**Aim of the exercise:**
Which lines below fall between the one containing "#74=CARTESIAN_POINT('',(0.,0.,6.35));" and the one containing "#115=EDGE_CURVE('E339',#77,#108,#114,.T.);"? Repeat them exactly, counting both of those lines, and add nothing else.

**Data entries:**
⟨
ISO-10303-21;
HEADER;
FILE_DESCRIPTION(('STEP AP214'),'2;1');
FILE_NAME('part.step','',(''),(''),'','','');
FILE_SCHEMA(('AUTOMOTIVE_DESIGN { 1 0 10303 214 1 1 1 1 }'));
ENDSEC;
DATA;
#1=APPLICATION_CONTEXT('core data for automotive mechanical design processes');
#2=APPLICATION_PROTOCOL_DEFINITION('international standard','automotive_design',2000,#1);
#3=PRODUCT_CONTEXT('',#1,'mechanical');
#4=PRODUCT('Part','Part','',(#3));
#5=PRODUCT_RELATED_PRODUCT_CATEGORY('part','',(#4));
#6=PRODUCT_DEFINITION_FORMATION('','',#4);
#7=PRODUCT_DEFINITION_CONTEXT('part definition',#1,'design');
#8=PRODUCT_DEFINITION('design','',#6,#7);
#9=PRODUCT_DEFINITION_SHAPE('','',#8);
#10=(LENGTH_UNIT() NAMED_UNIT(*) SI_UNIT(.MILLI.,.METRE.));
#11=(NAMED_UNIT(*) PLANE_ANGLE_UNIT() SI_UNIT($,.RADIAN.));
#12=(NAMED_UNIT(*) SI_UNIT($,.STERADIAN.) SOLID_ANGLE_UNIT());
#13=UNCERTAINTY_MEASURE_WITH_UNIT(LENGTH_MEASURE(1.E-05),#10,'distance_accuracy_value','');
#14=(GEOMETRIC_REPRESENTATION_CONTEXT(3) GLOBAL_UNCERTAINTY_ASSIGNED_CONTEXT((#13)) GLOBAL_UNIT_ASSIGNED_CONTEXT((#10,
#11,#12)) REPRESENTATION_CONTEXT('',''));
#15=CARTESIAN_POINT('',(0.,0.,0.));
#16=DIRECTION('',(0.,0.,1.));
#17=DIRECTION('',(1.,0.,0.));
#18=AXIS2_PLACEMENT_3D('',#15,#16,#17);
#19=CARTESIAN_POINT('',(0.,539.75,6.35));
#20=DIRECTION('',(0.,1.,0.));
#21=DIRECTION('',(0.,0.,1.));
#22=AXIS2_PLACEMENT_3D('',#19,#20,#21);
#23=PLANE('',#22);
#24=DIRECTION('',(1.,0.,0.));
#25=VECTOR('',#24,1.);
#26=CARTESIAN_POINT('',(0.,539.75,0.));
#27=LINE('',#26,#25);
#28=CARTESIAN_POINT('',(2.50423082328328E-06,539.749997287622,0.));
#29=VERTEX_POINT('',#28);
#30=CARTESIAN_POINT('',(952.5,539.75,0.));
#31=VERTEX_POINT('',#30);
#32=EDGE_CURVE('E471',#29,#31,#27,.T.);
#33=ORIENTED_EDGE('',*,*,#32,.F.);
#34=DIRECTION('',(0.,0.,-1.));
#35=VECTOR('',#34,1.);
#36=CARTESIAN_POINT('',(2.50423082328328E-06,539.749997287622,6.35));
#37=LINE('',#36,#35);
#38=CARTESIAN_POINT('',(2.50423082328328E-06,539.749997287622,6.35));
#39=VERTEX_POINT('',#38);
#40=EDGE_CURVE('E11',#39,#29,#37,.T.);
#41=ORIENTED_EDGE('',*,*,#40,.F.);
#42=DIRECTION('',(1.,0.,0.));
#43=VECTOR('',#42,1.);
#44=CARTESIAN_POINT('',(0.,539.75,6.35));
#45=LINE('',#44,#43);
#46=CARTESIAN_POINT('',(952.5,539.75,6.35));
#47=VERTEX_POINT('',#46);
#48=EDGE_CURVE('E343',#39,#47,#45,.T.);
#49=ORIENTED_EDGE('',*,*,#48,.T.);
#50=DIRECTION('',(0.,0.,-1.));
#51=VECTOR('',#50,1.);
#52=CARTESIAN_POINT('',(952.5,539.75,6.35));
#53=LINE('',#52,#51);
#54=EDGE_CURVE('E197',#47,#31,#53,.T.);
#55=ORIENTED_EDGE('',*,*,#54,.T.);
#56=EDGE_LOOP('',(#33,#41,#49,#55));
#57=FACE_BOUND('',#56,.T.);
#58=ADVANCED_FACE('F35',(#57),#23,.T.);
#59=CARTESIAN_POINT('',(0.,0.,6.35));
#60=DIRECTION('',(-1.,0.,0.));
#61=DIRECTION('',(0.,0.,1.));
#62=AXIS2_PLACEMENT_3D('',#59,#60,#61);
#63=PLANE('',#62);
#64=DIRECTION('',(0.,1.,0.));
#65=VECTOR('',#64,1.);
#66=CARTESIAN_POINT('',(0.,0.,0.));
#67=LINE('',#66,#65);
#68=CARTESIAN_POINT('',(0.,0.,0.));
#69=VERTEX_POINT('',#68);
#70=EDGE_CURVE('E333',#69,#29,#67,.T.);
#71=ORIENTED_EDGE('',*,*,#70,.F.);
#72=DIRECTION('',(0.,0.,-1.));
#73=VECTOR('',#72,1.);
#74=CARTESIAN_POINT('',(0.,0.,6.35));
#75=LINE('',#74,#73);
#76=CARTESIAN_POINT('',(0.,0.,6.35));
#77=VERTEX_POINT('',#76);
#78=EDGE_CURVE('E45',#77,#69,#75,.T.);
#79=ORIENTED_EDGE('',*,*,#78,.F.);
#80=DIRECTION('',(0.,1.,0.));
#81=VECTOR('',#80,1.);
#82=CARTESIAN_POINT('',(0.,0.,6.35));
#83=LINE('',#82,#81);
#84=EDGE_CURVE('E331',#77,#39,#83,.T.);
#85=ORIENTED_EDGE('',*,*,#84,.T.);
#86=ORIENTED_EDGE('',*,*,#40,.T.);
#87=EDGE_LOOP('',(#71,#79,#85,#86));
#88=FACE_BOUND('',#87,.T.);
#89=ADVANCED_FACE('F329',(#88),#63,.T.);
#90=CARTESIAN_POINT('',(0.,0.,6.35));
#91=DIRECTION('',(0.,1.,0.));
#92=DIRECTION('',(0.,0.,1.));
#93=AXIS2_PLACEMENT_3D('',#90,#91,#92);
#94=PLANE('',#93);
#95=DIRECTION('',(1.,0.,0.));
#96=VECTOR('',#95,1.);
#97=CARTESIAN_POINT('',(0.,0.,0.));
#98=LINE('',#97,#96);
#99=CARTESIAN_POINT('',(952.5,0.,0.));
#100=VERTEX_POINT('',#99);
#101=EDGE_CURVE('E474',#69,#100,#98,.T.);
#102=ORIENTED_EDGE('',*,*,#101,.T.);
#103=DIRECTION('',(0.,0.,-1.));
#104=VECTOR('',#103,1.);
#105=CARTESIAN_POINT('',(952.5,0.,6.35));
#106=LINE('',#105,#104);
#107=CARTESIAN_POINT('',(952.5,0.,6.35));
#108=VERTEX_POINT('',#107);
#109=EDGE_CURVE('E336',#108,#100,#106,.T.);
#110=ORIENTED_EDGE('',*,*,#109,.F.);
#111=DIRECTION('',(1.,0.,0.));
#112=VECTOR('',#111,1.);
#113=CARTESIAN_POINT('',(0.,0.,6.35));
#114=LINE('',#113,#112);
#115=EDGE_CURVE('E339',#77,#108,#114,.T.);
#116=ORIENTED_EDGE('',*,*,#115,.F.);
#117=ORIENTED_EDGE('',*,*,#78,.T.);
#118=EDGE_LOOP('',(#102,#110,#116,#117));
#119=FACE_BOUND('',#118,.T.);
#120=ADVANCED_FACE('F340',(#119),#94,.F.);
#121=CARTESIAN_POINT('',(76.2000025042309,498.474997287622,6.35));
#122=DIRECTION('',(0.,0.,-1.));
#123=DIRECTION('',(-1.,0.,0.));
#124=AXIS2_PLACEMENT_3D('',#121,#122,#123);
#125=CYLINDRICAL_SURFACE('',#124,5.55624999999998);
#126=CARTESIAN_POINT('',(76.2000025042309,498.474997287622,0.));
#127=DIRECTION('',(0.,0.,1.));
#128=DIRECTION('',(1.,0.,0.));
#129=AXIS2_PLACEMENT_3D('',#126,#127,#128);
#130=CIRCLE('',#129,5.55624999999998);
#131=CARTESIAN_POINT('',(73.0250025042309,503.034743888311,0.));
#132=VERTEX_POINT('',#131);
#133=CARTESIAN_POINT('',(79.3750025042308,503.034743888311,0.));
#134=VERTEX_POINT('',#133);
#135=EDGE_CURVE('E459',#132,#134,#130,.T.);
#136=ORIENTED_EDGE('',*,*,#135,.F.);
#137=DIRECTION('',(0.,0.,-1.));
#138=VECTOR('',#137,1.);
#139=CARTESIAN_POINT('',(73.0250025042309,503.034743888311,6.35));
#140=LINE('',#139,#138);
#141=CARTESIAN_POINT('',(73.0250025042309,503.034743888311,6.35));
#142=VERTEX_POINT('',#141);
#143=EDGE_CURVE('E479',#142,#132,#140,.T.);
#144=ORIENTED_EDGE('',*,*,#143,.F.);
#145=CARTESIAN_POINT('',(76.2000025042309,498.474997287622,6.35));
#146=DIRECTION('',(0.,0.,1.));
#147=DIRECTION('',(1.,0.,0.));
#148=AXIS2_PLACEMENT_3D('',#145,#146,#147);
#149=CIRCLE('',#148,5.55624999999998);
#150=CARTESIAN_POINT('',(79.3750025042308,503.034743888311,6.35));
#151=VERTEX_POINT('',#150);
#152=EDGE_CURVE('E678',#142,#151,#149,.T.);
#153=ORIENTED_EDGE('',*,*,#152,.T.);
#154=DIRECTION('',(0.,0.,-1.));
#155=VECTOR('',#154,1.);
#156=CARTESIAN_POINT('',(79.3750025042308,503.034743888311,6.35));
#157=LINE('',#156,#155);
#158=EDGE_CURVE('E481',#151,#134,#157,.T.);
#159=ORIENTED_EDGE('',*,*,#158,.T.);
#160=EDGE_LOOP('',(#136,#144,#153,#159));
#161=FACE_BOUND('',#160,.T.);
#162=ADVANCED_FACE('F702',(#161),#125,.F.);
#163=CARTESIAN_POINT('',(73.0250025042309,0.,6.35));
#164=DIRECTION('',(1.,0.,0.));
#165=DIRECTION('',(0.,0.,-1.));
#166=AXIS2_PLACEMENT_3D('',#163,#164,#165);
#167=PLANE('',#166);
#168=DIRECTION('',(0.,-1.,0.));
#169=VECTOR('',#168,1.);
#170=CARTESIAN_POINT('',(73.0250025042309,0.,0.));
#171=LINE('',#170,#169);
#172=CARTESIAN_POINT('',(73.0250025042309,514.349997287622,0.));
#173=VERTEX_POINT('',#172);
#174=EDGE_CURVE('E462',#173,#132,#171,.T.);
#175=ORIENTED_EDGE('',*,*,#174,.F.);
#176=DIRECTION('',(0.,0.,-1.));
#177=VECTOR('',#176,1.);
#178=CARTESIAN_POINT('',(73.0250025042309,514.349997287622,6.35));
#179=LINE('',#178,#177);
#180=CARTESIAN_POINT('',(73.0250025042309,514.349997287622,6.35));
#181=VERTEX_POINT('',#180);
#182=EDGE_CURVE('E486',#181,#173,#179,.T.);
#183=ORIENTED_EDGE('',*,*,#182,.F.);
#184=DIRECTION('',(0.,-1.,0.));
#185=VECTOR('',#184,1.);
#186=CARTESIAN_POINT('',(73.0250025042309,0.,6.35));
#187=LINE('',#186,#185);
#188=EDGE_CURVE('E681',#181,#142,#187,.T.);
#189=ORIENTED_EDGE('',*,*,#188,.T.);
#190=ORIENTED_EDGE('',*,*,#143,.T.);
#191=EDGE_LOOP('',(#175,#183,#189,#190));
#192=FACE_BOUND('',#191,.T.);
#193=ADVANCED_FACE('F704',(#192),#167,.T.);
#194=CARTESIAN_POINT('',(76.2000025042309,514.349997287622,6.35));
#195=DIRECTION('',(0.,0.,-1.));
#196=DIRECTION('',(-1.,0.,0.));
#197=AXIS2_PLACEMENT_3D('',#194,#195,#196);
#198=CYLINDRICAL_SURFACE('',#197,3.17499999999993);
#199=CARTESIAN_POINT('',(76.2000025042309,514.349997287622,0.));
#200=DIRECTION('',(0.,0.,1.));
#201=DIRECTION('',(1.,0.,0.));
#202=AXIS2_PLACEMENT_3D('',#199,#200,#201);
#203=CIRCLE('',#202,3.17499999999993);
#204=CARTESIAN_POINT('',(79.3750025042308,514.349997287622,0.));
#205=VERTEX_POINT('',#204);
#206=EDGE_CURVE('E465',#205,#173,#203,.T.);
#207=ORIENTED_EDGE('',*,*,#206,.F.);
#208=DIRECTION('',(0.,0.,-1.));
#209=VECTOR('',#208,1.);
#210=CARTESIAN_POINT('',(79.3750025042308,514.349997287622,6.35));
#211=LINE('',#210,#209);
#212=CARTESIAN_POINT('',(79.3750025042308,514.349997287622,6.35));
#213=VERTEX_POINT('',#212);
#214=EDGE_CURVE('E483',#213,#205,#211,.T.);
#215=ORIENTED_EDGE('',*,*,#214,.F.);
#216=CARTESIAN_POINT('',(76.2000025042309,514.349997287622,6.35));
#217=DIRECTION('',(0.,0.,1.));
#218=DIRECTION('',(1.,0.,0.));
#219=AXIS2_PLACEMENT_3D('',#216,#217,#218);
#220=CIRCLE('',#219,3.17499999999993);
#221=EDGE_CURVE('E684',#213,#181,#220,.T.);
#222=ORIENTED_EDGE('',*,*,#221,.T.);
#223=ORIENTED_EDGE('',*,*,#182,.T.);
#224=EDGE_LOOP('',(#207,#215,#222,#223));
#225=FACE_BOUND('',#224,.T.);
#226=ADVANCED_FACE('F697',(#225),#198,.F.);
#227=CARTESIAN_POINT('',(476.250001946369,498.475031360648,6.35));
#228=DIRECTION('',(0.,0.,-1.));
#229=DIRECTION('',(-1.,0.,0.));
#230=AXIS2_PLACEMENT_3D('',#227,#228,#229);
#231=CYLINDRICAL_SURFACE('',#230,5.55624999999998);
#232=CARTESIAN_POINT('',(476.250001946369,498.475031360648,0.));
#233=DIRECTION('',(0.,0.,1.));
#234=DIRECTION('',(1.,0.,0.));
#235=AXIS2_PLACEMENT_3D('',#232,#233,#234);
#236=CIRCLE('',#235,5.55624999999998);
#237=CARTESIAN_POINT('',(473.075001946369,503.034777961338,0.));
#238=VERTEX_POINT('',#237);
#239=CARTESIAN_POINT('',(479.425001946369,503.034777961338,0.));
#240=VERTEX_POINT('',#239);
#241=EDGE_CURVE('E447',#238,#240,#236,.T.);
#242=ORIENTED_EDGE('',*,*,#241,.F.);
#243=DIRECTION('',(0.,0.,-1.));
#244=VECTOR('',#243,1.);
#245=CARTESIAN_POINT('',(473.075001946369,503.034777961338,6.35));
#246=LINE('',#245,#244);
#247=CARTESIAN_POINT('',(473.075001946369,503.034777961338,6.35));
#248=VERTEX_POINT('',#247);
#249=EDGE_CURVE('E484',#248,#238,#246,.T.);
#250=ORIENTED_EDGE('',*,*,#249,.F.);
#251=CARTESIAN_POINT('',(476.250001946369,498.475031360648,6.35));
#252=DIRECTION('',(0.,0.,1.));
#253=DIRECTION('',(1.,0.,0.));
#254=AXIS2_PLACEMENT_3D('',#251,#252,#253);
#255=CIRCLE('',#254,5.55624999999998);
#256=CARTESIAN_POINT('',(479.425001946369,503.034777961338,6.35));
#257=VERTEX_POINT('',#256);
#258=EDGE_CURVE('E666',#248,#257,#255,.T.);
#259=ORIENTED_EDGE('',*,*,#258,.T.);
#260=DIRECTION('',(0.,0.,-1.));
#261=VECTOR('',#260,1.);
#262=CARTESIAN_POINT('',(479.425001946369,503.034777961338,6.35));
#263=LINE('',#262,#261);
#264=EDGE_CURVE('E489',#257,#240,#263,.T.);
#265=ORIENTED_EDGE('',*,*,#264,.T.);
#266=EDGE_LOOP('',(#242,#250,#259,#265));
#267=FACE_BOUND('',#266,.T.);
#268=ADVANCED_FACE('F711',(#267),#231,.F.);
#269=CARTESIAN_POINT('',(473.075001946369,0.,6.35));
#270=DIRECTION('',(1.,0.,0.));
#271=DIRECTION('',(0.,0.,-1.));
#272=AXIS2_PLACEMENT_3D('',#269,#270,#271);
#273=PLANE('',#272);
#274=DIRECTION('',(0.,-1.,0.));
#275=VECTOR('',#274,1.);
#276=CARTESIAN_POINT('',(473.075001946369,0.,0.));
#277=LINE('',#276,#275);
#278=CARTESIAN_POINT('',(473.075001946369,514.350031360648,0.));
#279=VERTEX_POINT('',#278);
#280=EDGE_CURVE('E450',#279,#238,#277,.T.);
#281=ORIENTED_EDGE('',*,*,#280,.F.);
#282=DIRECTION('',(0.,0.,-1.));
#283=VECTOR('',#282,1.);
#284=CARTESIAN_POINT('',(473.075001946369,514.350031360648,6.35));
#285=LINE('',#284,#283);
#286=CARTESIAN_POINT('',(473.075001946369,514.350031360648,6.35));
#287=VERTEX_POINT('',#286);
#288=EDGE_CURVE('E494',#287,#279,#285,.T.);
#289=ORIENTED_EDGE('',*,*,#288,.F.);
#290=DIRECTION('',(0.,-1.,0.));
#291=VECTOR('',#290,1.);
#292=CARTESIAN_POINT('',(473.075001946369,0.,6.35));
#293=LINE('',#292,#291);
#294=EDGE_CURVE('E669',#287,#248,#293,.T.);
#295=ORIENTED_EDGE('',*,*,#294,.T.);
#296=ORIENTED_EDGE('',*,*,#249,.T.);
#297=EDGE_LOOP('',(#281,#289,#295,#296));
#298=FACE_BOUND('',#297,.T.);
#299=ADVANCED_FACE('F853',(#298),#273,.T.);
⟩
**Solution:**
#74=CARTESIAN_POINT('',(0.,0.,6.35));
#75=LINE('',#74,#73);
#76=CARTESIAN_POINT('',(0.,0.,6.35));
#77=VERTEX_POINT('',#76);
#78=EDGE_CURVE('E45',#77,#69,#75,.T.);
#79=ORIENTED_EDGE('',*,*,#78,.F.);
#80=DIRECTION('',(0.,1.,0.));
#81=VECTOR('',#80,1.);
#82=CARTESIAN_POINT('',(0.,0.,6.35));
#83=LINE('',#82,#81);
#84=EDGE_CURVE('E331',#77,#39,#83,.T.);
#85=ORIENTED_EDGE('',*,*,#84,.T.);
#86=ORIENTED_EDGE('',*,*,#40,.T.);
#87=EDGE_LOOP('',(#71,#79,#85,#86));
#88=FACE_BOUND('',#87,.T.);
#89=ADVANCED_FACE('F329',(#88),#63,.T.);
#90=CARTESIAN_POINT('',(0.,0.,6.35));
#91=DIRECTION('',(0.,1.,0.));
#92=DIRECTION('',(0.,0.,1.));
#93=AXIS2_PLACEMENT_3D('',#90,#91,#92);
#94=PLANE('',#93);
#95=DIRECTION('',(1.,0.,0.));
#96=VECTOR('',#95,1.);
#97=CARTESIAN_POINT('',(0.,0.,0.));
#98=LINE('',#97,#96);
#99=CARTESIAN_POINT('',(952.5,0.,0.));
#100=VERTEX_POINT('',#99);
#101=EDGE_CURVE('E474',#69,#100,#98,.T.);
#102=ORIENTED_EDGE('',*,*,#101,.T.);
#103=DIRECTION('',(0.,0.,-1.));
#104=VECTOR('',#103,1.);
#105=CARTESIAN_POINT('',(952.5,0.,6.35));
#106=LINE('',#105,#104);
#107=CARTESIAN_POINT('',(952.5,0.,6.35));
#108=VERTEX_POINT('',#107);
#109=EDGE_CURVE('E336',#108,#100,#106,.T.);
#110=ORIENTED_EDGE('',*,*,#109,.F.);
#111=DIRECTION('',(1.,0.,0.));
#112=VECTOR('',#111,1.);
#113=CARTESIAN_POINT('',(0.,0.,6.35));
#114=LINE('',#113,#112);
#115=EDGE_CURVE('E339',#77,#108,#114,.T.);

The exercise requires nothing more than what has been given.